[Study material — start]

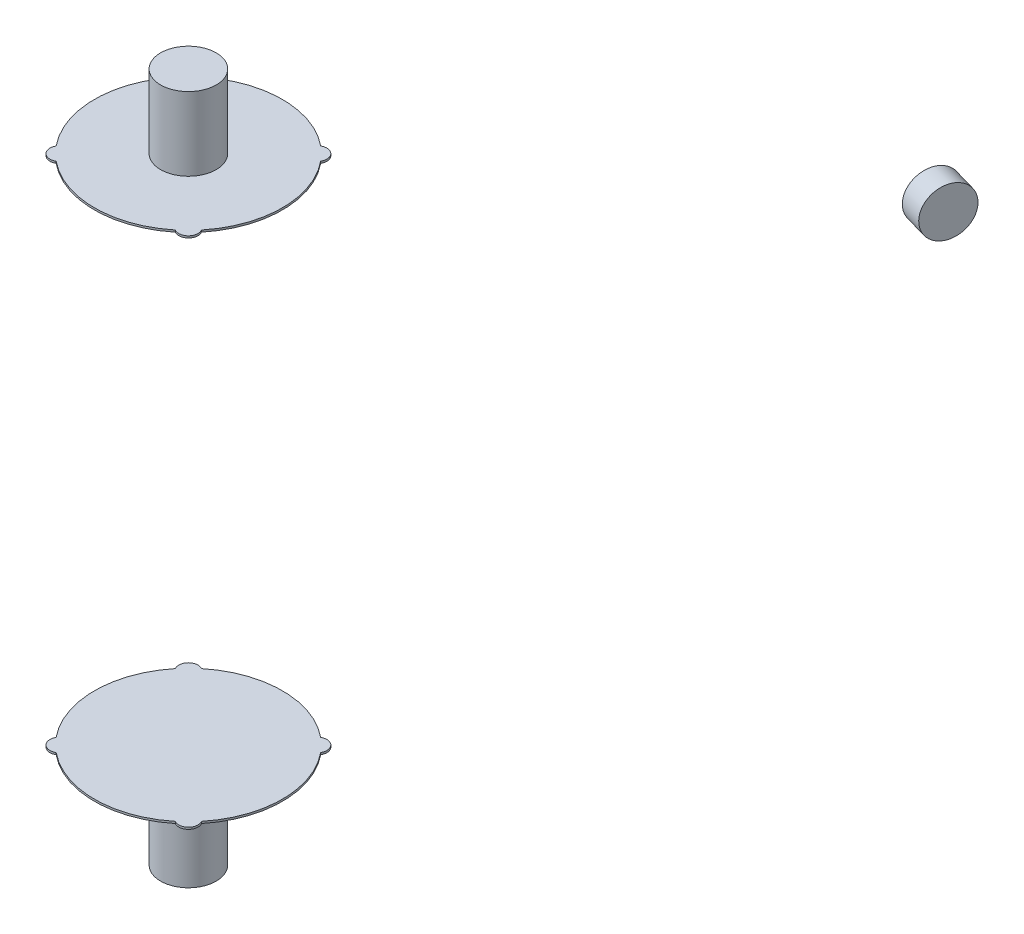
ISO-10303-21;
HEADER;
FILE_DESCRIPTION(('STEP AP214'),'2;1');
FILE_NAME('part.step','',(''),(''),'','','');
FILE_SCHEMA(('AUTOMOTIVE_DESIGN { 1 0 10303 214 1 1 1 1 }'));
ENDSEC;
DATA;
#1=APPLICATION_CONTEXT('core data for automotive mechanical design processes');
#2=APPLICATION_PROTOCOL_DEFINITION('international standard','automotive_design',2000,#1);
#3=PRODUCT_CONTEXT('',#1,'mechanical');
#4=PRODUCT('Part','Part','',(#3));
#5=PRODUCT_RELATED_PRODUCT_CATEGORY('part','',(#4));
#6=PRODUCT_DEFINITION_FORMATION('','',#4);
#7=PRODUCT_DEFINITION_CONTEXT('part definition',#1,'design');
#8=PRODUCT_DEFINITION('design','',#6,#7);
#9=PRODUCT_DEFINITION_SHAPE('','',#8);
#10=(LENGTH_UNIT() NAMED_UNIT(*) SI_UNIT(.MILLI.,.METRE.));
#11=(NAMED_UNIT(*) PLANE_ANGLE_UNIT() SI_UNIT($,.RADIAN.));
#12=(NAMED_UNIT(*) SI_UNIT($,.STERADIAN.) SOLID_ANGLE_UNIT());
#13=UNCERTAINTY_MEASURE_WITH_UNIT(LENGTH_MEASURE(1.E-05),#10,'distance_accuracy_value','');
#14=(GEOMETRIC_REPRESENTATION_CONTEXT(3) GLOBAL_UNCERTAINTY_ASSIGNED_CONTEXT((#13)) GLOBAL_UNIT_ASSIGNED_CONTEXT((#10,
#11,#12)) REPRESENTATION_CONTEXT('',''));
#15=CARTESIAN_POINT('',(0.,0.,0.));
#16=DIRECTION('',(0.,0.,1.));
#17=DIRECTION('',(1.,0.,0.));
#18=AXIS2_PLACEMENT_3D('',#15,#16,#17);
#19=CARTESIAN_POINT('',(0.,359.5,1120.));
#20=DIRECTION('',(0.,-1.,0.));
#21=DIRECTION('',(0.,0.,-1.));
#22=AXIS2_PLACEMENT_3D('',#19,#20,#21);
#23=PLANE('',#22);
#24=CARTESIAN_POINT('',(0.,359.5,1120.));
#25=DIRECTION('',(0.,-1.,0.));
#26=DIRECTION('',(-1.,0.,0.));
#27=AXIS2_PLACEMENT_3D('',#24,#25,#26);
#28=CIRCLE('',#27,29.);
#29=CARTESIAN_POINT('',(-29.,359.5,1120.));
#30=VERTEX_POINT('',#29);
#31=EDGE_CURVE('E243',#30,#30,#28,.T.);
#32=ORIENTED_EDGE('',*,*,#31,.F.);
#33=EDGE_LOOP('',(#32));
#34=FACE_BOUND('',#33,.T.);
#35=ADVANCED_FACE('F322',(#34),#23,.F.);
#36=CARTESIAN_POINT('',(0.,359.5,1120.));
#37=DIRECTION('',(0.,-1.,0.));
#38=DIRECTION('',(0.,0.,-1.));
#39=AXIS2_PLACEMENT_3D('',#36,#37,#38);
#40=CYLINDRICAL_SURFACE('',#39,29.);
#41=ORIENTED_EDGE('',*,*,#31,.T.);
#42=EDGE_LOOP('',(#41));
#43=FACE_BOUND('',#42,.T.);
#44=CARTESIAN_POINT('',(0.,283.,1120.));
#45=DIRECTION('',(0.,-1.,0.));
#46=DIRECTION('',(-1.,0.,0.));
#47=AXIS2_PLACEMENT_3D('',#44,#45,#46);
#48=CIRCLE('',#47,29.);
#49=CARTESIAN_POINT('',(-29.,283.,1120.));
#50=VERTEX_POINT('',#49);
#51=EDGE_CURVE('E238',#50,#50,#48,.T.);
#52=ORIENTED_EDGE('',*,*,#51,.F.);
#53=EDGE_LOOP('',(#52));
#54=FACE_BOUND('',#53,.T.);
#55=ADVANCED_FACE('F324',(#43,#54),#40,.T.);
#56=CARTESIAN_POINT('',(33.587572106361,283.,1086.41242789364));
#57=DIRECTION('',(0.,-1.,0.));
#58=DIRECTION('',(0.,0.,-1.));
#59=AXIS2_PLACEMENT_3D('',#56,#57,#58);
#60=PLANE('',#59);
#61=ORIENTED_EDGE('',*,*,#51,.T.);
#62=EDGE_LOOP('',(#61));
#63=FACE_BOUND('',#62,.T.);
#64=CARTESIAN_POINT('',(0.,283.,1120.));
#65=DIRECTION('',(0.,-1.,0.));
#66=DIRECTION('',(-1.,0.,0.));
#67=AXIS2_PLACEMENT_3D('',#64,#65,#66);
#68=CIRCLE('',#67,98.);
#69=CARTESIAN_POINT('',(-62.1151265949994,283.,1044.19953134652));
#70=VERTEX_POINT('',#69);
#71=CARTESIAN_POINT('',(62.1151265949994,283.,1044.19953134652));
#72=VERTEX_POINT('',#71);
#73=EDGE_CURVE('E157',#70,#72,#68,.T.);
#74=ORIENTED_EDGE('',*,*,#73,.F.);
#75=CARTESIAN_POINT('',(-67.175144212722,283.,1052.82485578728));
#76=DIRECTION('',(0.,-1.,0.));
#77=DIRECTION('',(1.,0.,0.));
#78=AXIS2_PLACEMENT_3D('',#75,#76,#77);
#79=CIRCLE('',#78,10.);
#80=CARTESIAN_POINT('',(-75.80046865348,283.,1057.884873405));
#81=VERTEX_POINT('',#80);
#82=EDGE_CURVE('E149',#81,#70,#79,.T.);
#83=ORIENTED_EDGE('',*,*,#82,.F.);
#84=CARTESIAN_POINT('',(0.,283.,1120.));
#85=DIRECTION('',(0.,-1.,0.));
#86=DIRECTION('',(1.,0.,0.));
#87=AXIS2_PLACEMENT_3D('',#84,#85,#86);
#88=CIRCLE('',#87,98.);
#89=CARTESIAN_POINT('',(-75.8004686534801,283.,1182.115126595));
#90=VERTEX_POINT('',#89);
#91=EDGE_CURVE('E154',#90,#81,#88,.T.);
#92=ORIENTED_EDGE('',*,*,#91,.F.);
#93=CARTESIAN_POINT('',(-67.175144212722,283.,1187.17514421272));
#94=DIRECTION('',(0.,-1.,0.));
#95=DIRECTION('',(1.,0.,0.));
#96=AXIS2_PLACEMENT_3D('',#93,#94,#95);
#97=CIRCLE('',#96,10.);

[Study material — finish]

Task goal: Give again, word for word, the lines above from the first one through the one containing "#1=APPLICATION_CONTEXT('core data for"; no pictures.

Exercise response:
ISO-10303-21;
HEADER;
FILE_DESCRIPTION(('STEP AP214'),'2;1');
FILE_NAME('part.step','',(''),(''),'','','');
FILE_SCHEMA(('AUTOMOTIVE_DESIGN { 1 0 10303 214 1 1 1 1 }'));
ENDSEC;
DATA;
#1=APPLICATION_CONTEXT('core data for automotive mechanical design processes');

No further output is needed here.